Les actes de ce colloque coordonnés par Nathalie Simonnot, docteure en histoire de l’architecture, ingénieure de recherche au laboratoire LEAV, École nationale supérieure d’architecture de Versailles, s’organisent en quatre moments : le devenir sur le temps long de certains édifices, les lieux de circulation et de partage, les transformations du patrimoine bâti, les projets récents qui tiennent compte de la singularité de l’espace. Ces édifices patrimoniaux n’ont pas tous le même objet, mais ont en commun la prise en compte de plus en plus centrale du public, bien avant ce que l’on appelle la révolution numérique.

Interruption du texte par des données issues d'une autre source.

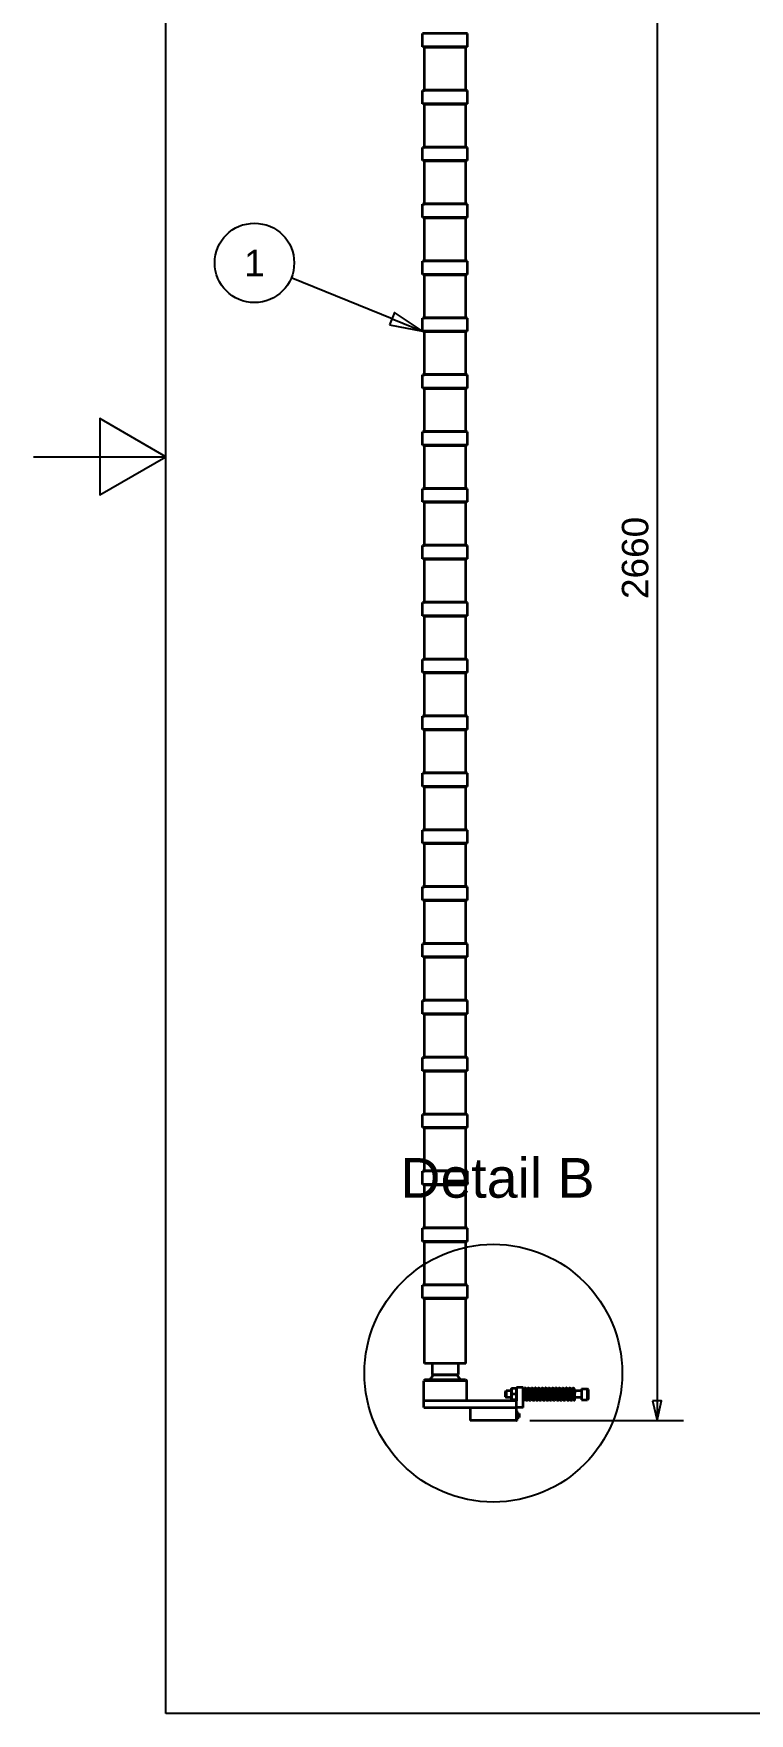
# Paper-space layout 'Drive Roller Sub Assy' of a CAD drawing. Header units: millimetres. Extents: x 0 to 297, y 0 to 210.
# Drawn here: x 0 to 54.1, y 10 to 137 of the extents above; entities that cross this region are included whole.
import ezdxf

# ---------------------------------------------------------------- set-up
doc = ezdxf.new("R2010")
doc.units = ezdxf.units.MM
doc.linetypes.add('ACAD_ISO09W100', pattern=[45, 24, -3, 6, -3, 6, -3])
for name, color, linetype, lineweight in [('2dTransBorder', 7, 'Continuous', 35), ('Detail Circle Lines', 7, 'ACAD_ISO09W100', 50), ('Dimensions', 5, 'Continuous', 25), ('Leader Lines', 5, 'Continuous', 25), ('Tangent Edges', 7, 'Continuous', 50), ('Visible Edges', 7, 'Continuous', 50)]:
    doc.layers.add(name, color=color, linetype=linetype, lineweight=lineweight)
doc.layers.add('Title', color=7, linetype='Continuous')
doc.styles.add('Text Style29', font='ARIAL.TTF')
doc.styles.add('Text Style31', font='ARIAL.TTF')
doc.styles.add('Text Style5', font='ARIAL.TTF')

# ---------------------------------------------------------------- blocks, each defined once
blk = doc.blocks.new('2dDetail1')
at = {"layer": 'Detail Circle Lines', "color": 179, "linetype": 'Continuous', "lineweight": 25, "true_color": 0x262659}
blk.add_circle((34.74, 35.72), 9.74, dxfattribs=at)
at = {"layer": 'Detail Circle Lines', "linetype": 'Continuous', "lineweight": 25, "insert": (27.72, 48.94), "char_height": 3, "attachment_point": 7, "style": 'Text Style31'}
blk.add_mtext('Detail B', dxfattribs=at)
blk = doc.blocks.new('2dTransSymbol8')
at = {"color": 179}
for points in [[(47.46, 163.63), (47.11, 165.13), (46.76, 163.63), (47.46, 163.63)], [(46.76, 33.63), (47.11, 32.13), (47.46, 33.63), (46.76, 33.63)]]:
    blk.add_solid(points, dxfattribs=at)
at = {"layer": 'Dimensions', "color": 179, "linetype": 'Continuous', "lineweight": 25, "true_color": 0x262659}
for p, q in [((37.5, 165.13), (49.11, 165.13)), ((47.11, 165.13), (46.76, 163.63)), ((47.11, 163.63), (47.11, 165.13)), ((47.46, 163.63), (47.11, 165.13)), ((46.76, 163.63), (47.46, 163.63)), ((47.11, 163.63), (47.11, 33.63)), ((46.76, 33.63), (47.11, 32.13)), ((47.46, 33.63), (46.76, 33.63)), ((47.11, 33.63), (47.11, 32.13)), ((47.11, 32.13), (47.46, 33.63)), ((37.5, 32.13), (49.11, 32.13))]:
    blk.add_line(p, q, dxfattribs=at)
for points in [[(47.46, 163.63), (47.11, 165.13), (46.76, 163.63), (47.46, 163.63)], [(46.76, 33.63), (47.11, 32.13), (47.46, 33.63), (46.76, 33.63)]]:
    blk.add_lwpolyline(points, dxfattribs=at)
at = {"layer": 'Dimensions', "color": 18, "linetype": 'Continuous', "lineweight": 25, "true_color": 0x000000, "insert": (46.48, 94.24), "char_height": 2, "attachment_point": 7, "rotation": 90, "style": 'Text Style5'}
blk.add_mtext('2660', dxfattribs=at)
blk = doc.blocks.new('2dTransSymbol21')
at = {"color": 179}
blk.add_solid([(26.9, 114.96), (29.4, 114.48), (27.28, 115.89), (26.9, 114.96)], dxfattribs=at)
at = {"layer": 'Leader Lines', "color": 179, "linetype": 'Continuous', "lineweight": 25, "true_color": 0x262659}
for p, q in [((27.09, 115.42), (19.46, 118.52)), ((27.28, 115.89), (26.9, 114.96)), ((29.4, 114.48), (27.28, 115.89)), ((26.9, 114.96), (29.4, 114.48)), ((27.09, 115.42), (29.4, 114.48))]:
    blk.add_line(p, q, dxfattribs=at)
blk.add_lwpolyline([(26.9, 114.96), (29.4, 114.48), (27.28, 115.89), (26.9, 114.96)], dxfattribs=at)
blk.add_circle((16.69, 119.65), 3, dxfattribs=at)
at = {"layer": 'Leader Lines', "color": 18, "linetype": 'Continuous', "lineweight": 25, "true_color": 0x000000, "insert": (15.91, 118.64), "char_height": 2, "attachment_point": 7, "style": 'Text Style29'}
blk.add_mtext('1', dxfattribs=at)
blk = doc.blocks.new('Default Border')
at = {"layer": '2dTransBorder', "color": 179, "linetype": 'Continuous', "lineweight": 25, "true_color": 0x262659}
for points in [[(10, 10), (10, 200), (287, 200), (287, 10), (10, 10)], [(0, 105), (10, 105), (5, 107.89), (5, 102.11), (10, 105)]]:
    blk.add_lwpolyline(points, dxfattribs=at)
blk = doc.blocks.new('Title')
at = {"layer": '2dTransBorder'}
blk.add_blockref('Default Border', (-10, -10), dxfattribs=at)

psp = doc.layouts.new('Drive Roller Sub Assy')

# ---------------------------------------------------------------- linework, layer by layer
at = {"layer": 'Tangent Edges', "color": 179, "linetype": 'Continuous', "lineweight": 35, "true_color": 0x1a1a3e}
for p, q in [((32.65, 135.93), (29.55, 135.93)), ((29.55, 132.73), (32.65, 132.73)), ((32.65, 131.63), (29.55, 131.63)), ((29.55, 128.43), (32.65, 128.43)), ((32.65, 127.33), (29.55, 127.33)), ((29.55, 124.13), (32.65, 124.13)), ((32.65, 123.03), (29.55, 123.03)), ((29.55, 119.83), (32.65, 119.83)), ((32.65, 118.73), (29.55, 118.73)), ((29.55, 115.53), (32.65, 115.53)), ((32.65, 114.43), (29.55, 114.43)), ((29.55, 111.23), (32.65, 111.23)), ((32.65, 110.13), (29.55, 110.13)), ((29.55, 106.93), (32.65, 106.93)), ((32.65, 105.83), (29.55, 105.83)), ((29.55, 102.63), (32.65, 102.63)), ((32.65, 101.53), (29.55, 101.53)), ((29.55, 98.33), (32.65, 98.33)), ((32.65, 97.23), (29.55, 97.23)), ((29.55, 94.03), (32.65, 94.03)), ((32.65, 92.93), (29.55, 92.93)), ((29.55, 89.73), (32.65, 89.73)), ((32.65, 88.63), (29.55, 88.63)), ((29.55, 85.43), (32.65, 85.43)), ((32.65, 84.33), (29.55, 84.33)), ((29.55, 81.13), (32.65, 81.13)), ((32.65, 80.03), (29.55, 80.03)), ((29.55, 76.83), (32.65, 76.83)), ((32.65, 75.73), (29.55, 75.73)), ((29.55, 72.53), (32.65, 72.53)), ((32.65, 71.43), (29.55, 71.43)), ((29.55, 68.23), (32.65, 68.23)), ((32.65, 67.13), (29.55, 67.13)), ((29.55, 63.93), (32.65, 63.93)), ((32.65, 62.83), (29.55, 62.83)), ((29.55, 59.63), (32.65, 59.63)), ((32.65, 58.53), (29.55, 58.53)), ((29.55, 55.33), (32.65, 55.33)), ((32.65, 54.23), (29.55, 54.23)), ((29.55, 51.03), (32.65, 51.03)), ((32.65, 49.93), (29.55, 49.93)), ((29.55, 46.73), (32.65, 46.73)), ((32.65, 45.63), (29.55, 45.63)), ((29.55, 42.43), (32.65, 42.43)), ((32.65, 41.33), (29.55, 41.33))]:
    psp.add_line(p, q, dxfattribs=at).dxf.unprotected_set("ltscale", 0)
at = {"layer": 'Tangent Edges', "color": 179, "linetype": 'Continuous', "lineweight": 35, "true_color": 0x262659}
for points in [[(37.02, 34.38), (37.03, 34.43), (37.03, 34.47), (37.04, 34.51), (37.05, 34.54), (37.07, 34.57), (37.12, 34.6), (37.17, 34.59), (37.2, 34.56), (37.22, 34.53), (37.23, 34.49), (37.23, 34.45), (37.24, 34.41), (37.25, 34.35), (37.25, 34.29), (37.26, 34.23), (37.27, 34.16), (37.28, 34.09), (37.28, 34.02), (37.29, 33.96), (37.3, 33.9), (37.3, 33.85), (37.31, 33.81), (37.32, 33.78), (37.32, 33.77)], [(37.37, 33.88), (37.37, 33.82), (37.36, 33.78), (37.35, 33.74), (37.34, 33.71), (37.32, 33.68), (37.28, 33.65), (37.22, 33.66), (37.19, 33.7), (37.18, 33.73), (37.17, 33.76), (37.16, 33.8), (37.15, 33.85), (37.15, 33.9), (37.14, 33.96), (37.13, 34.03), (37.13, 34.09), (37.12, 34.16), (37.11, 34.23), (37.1, 34.29), (37.1, 34.35), (37.09, 34.4), (37.08, 34.44), (37.08, 34.47), (37.07, 34.48)], [(37.28, 34.38), (37.29, 34.43), (37.29, 34.47), (37.3, 34.51), (37.31, 34.54), (37.33, 34.57), (37.38, 34.6), (37.43, 34.59), (37.47, 34.56), (37.48, 34.53), (37.49, 34.49), (37.49, 34.45), (37.5, 34.4), (37.51, 34.35), (37.51, 34.29), (37.52, 34.23), (37.53, 34.16), (37.54, 34.09), (37.54, 34.02), (37.55, 33.96), (37.56, 33.9), (37.56, 33.85), (37.57, 33.81), (37.58, 33.78), (37.58, 33.77)], [(37.63, 33.88), (37.63, 33.82), (37.62, 33.78), (37.61, 33.74), (37.6, 33.71), (37.58, 33.68), (37.54, 33.65), (37.48, 33.66), (37.45, 33.7), (37.44, 33.73), (37.43, 33.76), (37.42, 33.8), (37.41, 33.85), (37.41, 33.9), (37.4, 33.96), (37.39, 34.03), (37.39, 34.09), (37.38, 34.16), (37.37, 34.23), (37.36, 34.29), (37.36, 34.35), (37.35, 34.4), (37.34, 34.44), (37.34, 34.47), (37.33, 34.48)], [(37.54, 34.38), (37.55, 34.43), (37.55, 34.47), (37.56, 34.51), (37.57, 34.54), (37.59, 34.57), (37.64, 34.6), (37.69, 34.59), (37.72, 34.56), (37.74, 34.53), (37.75, 34.49), (37.75, 34.45), (37.76, 34.41), (37.77, 34.35), (37.77, 34.29), (37.78, 34.23), (37.79, 34.16), (37.8, 34.09), (37.8, 34.02), (37.81, 33.96), (37.82, 33.9), (37.82, 33.85), (37.83, 33.81), (37.84, 33.78), (37.84, 33.77)], [(37.89, 33.88), (37.89, 33.82), (37.88, 33.78), (37.87, 33.74), (37.86, 33.71), (37.84, 33.68), (37.8, 33.65), (37.74, 33.66), (37.71, 33.7), (37.7, 33.73), (37.69, 33.76), (37.68, 33.8), (37.67, 33.85), (37.67, 33.9), (37.66, 33.96), (37.65, 34.03), (37.65, 34.09), (37.64, 34.16), (37.63, 34.23), (37.62, 34.29), (37.62, 34.35), (37.61, 34.4), (37.6, 34.44), (37.6, 34.47), (37.59, 34.48)], [(37.8, 34.38), (37.81, 34.43), (37.81, 34.47), (37.82, 34.51), (37.83, 34.54), (37.85, 34.57), (37.9, 34.6), (37.95, 34.59), (37.99, 34.56), (38, 34.53), (38.01, 34.49), (38.01, 34.45), (38.02, 34.4), (38.03, 34.35), (38.03, 34.29), (38.04, 34.23), (38.05, 34.16), (38.06, 34.09), (38.06, 34.02), (38.07, 33.96), (38.08, 33.9), (38.08, 33.85), (38.09, 33.81), (38.1, 33.78), (38.1, 33.77)], [(38.15, 33.88), (38.15, 33.82), (38.14, 33.78), (38.13, 33.74), (38.12, 33.71), (38.1, 33.68), (38.06, 33.65), (38, 33.66), (37.97, 33.7), (37.96, 33.73), (37.95, 33.76), (37.94, 33.8), (37.93, 33.85), (37.93, 33.9), (37.92, 33.96), (37.91, 34.03), (37.91, 34.09), (37.9, 34.16), (37.89, 34.23), (37.88, 34.29), (37.88, 34.35), (37.87, 34.4), (37.86, 34.44), (37.86, 34.47), (37.85, 34.48)], [(38.06, 34.38), (38.07, 34.43), (38.07, 34.47), (38.08, 34.51), (38.09, 34.54), (38.11, 34.57), (38.16, 34.6), (38.21, 34.59), (38.24, 34.56), (38.26, 34.53), (38.27, 34.49), (38.27, 34.45), (38.28, 34.41), (38.29, 34.35), (38.29, 34.29), (38.3, 34.23), (38.31, 34.16), (38.32, 34.09), (38.32, 34.02), (38.33, 33.96), (38.34, 33.9), (38.34, 33.85), (38.35, 33.81), (38.36, 33.78), (38.36, 33.77)], [(38.41, 33.88), (38.41, 33.82), (38.4, 33.78), (38.39, 33.74), (38.38, 33.71), (38.36, 33.68), (38.32, 33.65), (38.26, 33.66), (38.23, 33.7), (38.22, 33.73), (38.21, 33.76), (38.2, 33.8), (38.19, 33.85), (38.19, 33.9), (38.18, 33.96), (38.17, 34.03), (38.17, 34.09), (38.16, 34.16), (38.15, 34.23), (38.14, 34.29), (38.14, 34.35), (38.13, 34.4), (38.12, 34.44), (38.12, 34.47), (38.11, 34.48)], [(38.32, 34.38), (38.33, 34.43), (38.33, 34.47), (38.34, 34.51), (38.35, 34.54), (38.37, 34.57), (38.42, 34.6), (38.47, 34.59), (38.51, 34.56), (38.52, 34.53), (38.53, 34.49), (38.53, 34.45), (38.54, 34.4), (38.55, 34.35), (38.55, 34.29), (38.56, 34.23), (38.57, 34.16), (38.58, 34.09), (38.58, 34.02), (38.59, 33.96), (38.6, 33.9), (38.6, 33.85), (38.61, 33.81), (38.62, 33.78), (38.62, 33.77)], [(38.67, 33.88), (38.67, 33.82), (38.66, 33.78), (38.65, 33.74), (38.64, 33.71), (38.62, 33.68), (38.58, 33.65), (38.52, 33.66), (38.49, 33.7), (38.48, 33.73), (38.47, 33.76), (38.46, 33.8), (38.45, 33.85), (38.45, 33.9), (38.44, 33.96), (38.43, 34.03), (38.43, 34.09), (38.42, 34.16), (38.41, 34.23), (38.4, 34.29), (38.4, 34.35), (38.39, 34.4), (38.38, 34.44), (38.38, 34.47), (38.37, 34.48)], [(38.58, 34.38), (38.59, 34.43), (38.59, 34.47), (38.6, 34.51), (38.61, 34.54), (38.63, 34.57), (38.68, 34.6), (38.73, 34.59), (38.76, 34.56), (38.78, 34.53), (38.79, 34.49), (38.79, 34.45), (38.8, 34.41), (38.81, 34.35), (38.81, 34.29), (38.82, 34.23), (38.83, 34.16), (38.84, 34.09), (38.84, 34.02), (38.85, 33.96), (38.86, 33.9), (38.86, 33.85), (38.87, 33.81), (38.88, 33.78), (38.88, 33.77)], [(38.93, 33.88), (38.93, 33.82), (38.92, 33.78), (38.91, 33.74), (38.9, 33.71), (38.88, 33.68), (38.84, 33.65), (38.78, 33.66), (38.75, 33.7), (38.74, 33.73), (38.73, 33.76), (38.72, 33.8), (38.71, 33.85), (38.71, 33.9), (38.7, 33.96), (38.69, 34.03), (38.69, 34.09), (38.68, 34.16), (38.67, 34.23), (38.66, 34.29), (38.66, 34.35), (38.65, 34.4), (38.64, 34.44), (38.64, 34.47), (38.63, 34.48)], [(38.84, 34.38), (38.85, 34.43), (38.85, 34.47), (38.86, 34.51), (38.87, 34.54), (38.89, 34.57), (38.94, 34.6), (38.99, 34.59), (39.03, 34.56), (39.04, 34.53), (39.05, 34.49), (39.05, 34.45), (39.06, 34.4), (39.07, 34.35), (39.07, 34.29), (39.08, 34.23), (39.09, 34.16), (39.1, 34.09), (39.1, 34.02), (39.11, 33.96), (39.12, 33.9), (39.12, 33.85), (39.13, 33.81), (39.14, 33.78), (39.14, 33.77)], [(39.19, 33.88), (39.19, 33.82), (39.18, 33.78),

La numérisation a contribué à un processus déjà mis en place, bien plus qu’il ne l’a initié. Si, pendant longtemps, les archives furent à l’abri dans le but de les sécuriser, elles sont maintenant scénographiées et mises en valeur, parfois dans un jeu de lumière, ce qui les sort de leur invisibilité aux yeux du public. La nécessité de penser la transition énergétique a également contribué à repenser l’isolation des archives, ouvrant dans le même temps la réflexion à un souci esthétique de la conservation. La notion de bibliothèque connaît, elle aussi, une modification de sa fonction. De lieu de lecture, elle est devenue prioritairement espace de pratiques communes, la lecture n’étant plus sa première attribution. Le numérique en a changé le sens avec les pratiques collaboratives ou de partages. Les bibliothèques sont devenues ces « troisièmes lieux » (p. 148) présentés par Adeline Rispal, architecte et scénographe, des espaces sociaux ouverts à la discussion et aux partages. Le musée, pour sa part, comme le montre l’étude des jeux de lumière du musée Bourdelle à Paris, tend à mettre en scène le rapprochement intime du spectateur et de l’artiste – ce que souhaitait l’artiste – ne privilégiant plus la simple exposition des œuvres.
Exemplarité de l’expérience
Les interventions consistent essentiellement en présentations d’exemples mettant en lumière les difficultés à faire cohabiter des exigences souvent contradictoires, où les choix esthétiques et l’usage des édifices, les décisions politiques et les projets des architectes, le lieu et la mise en scène de l’espace, entrent en concurrence.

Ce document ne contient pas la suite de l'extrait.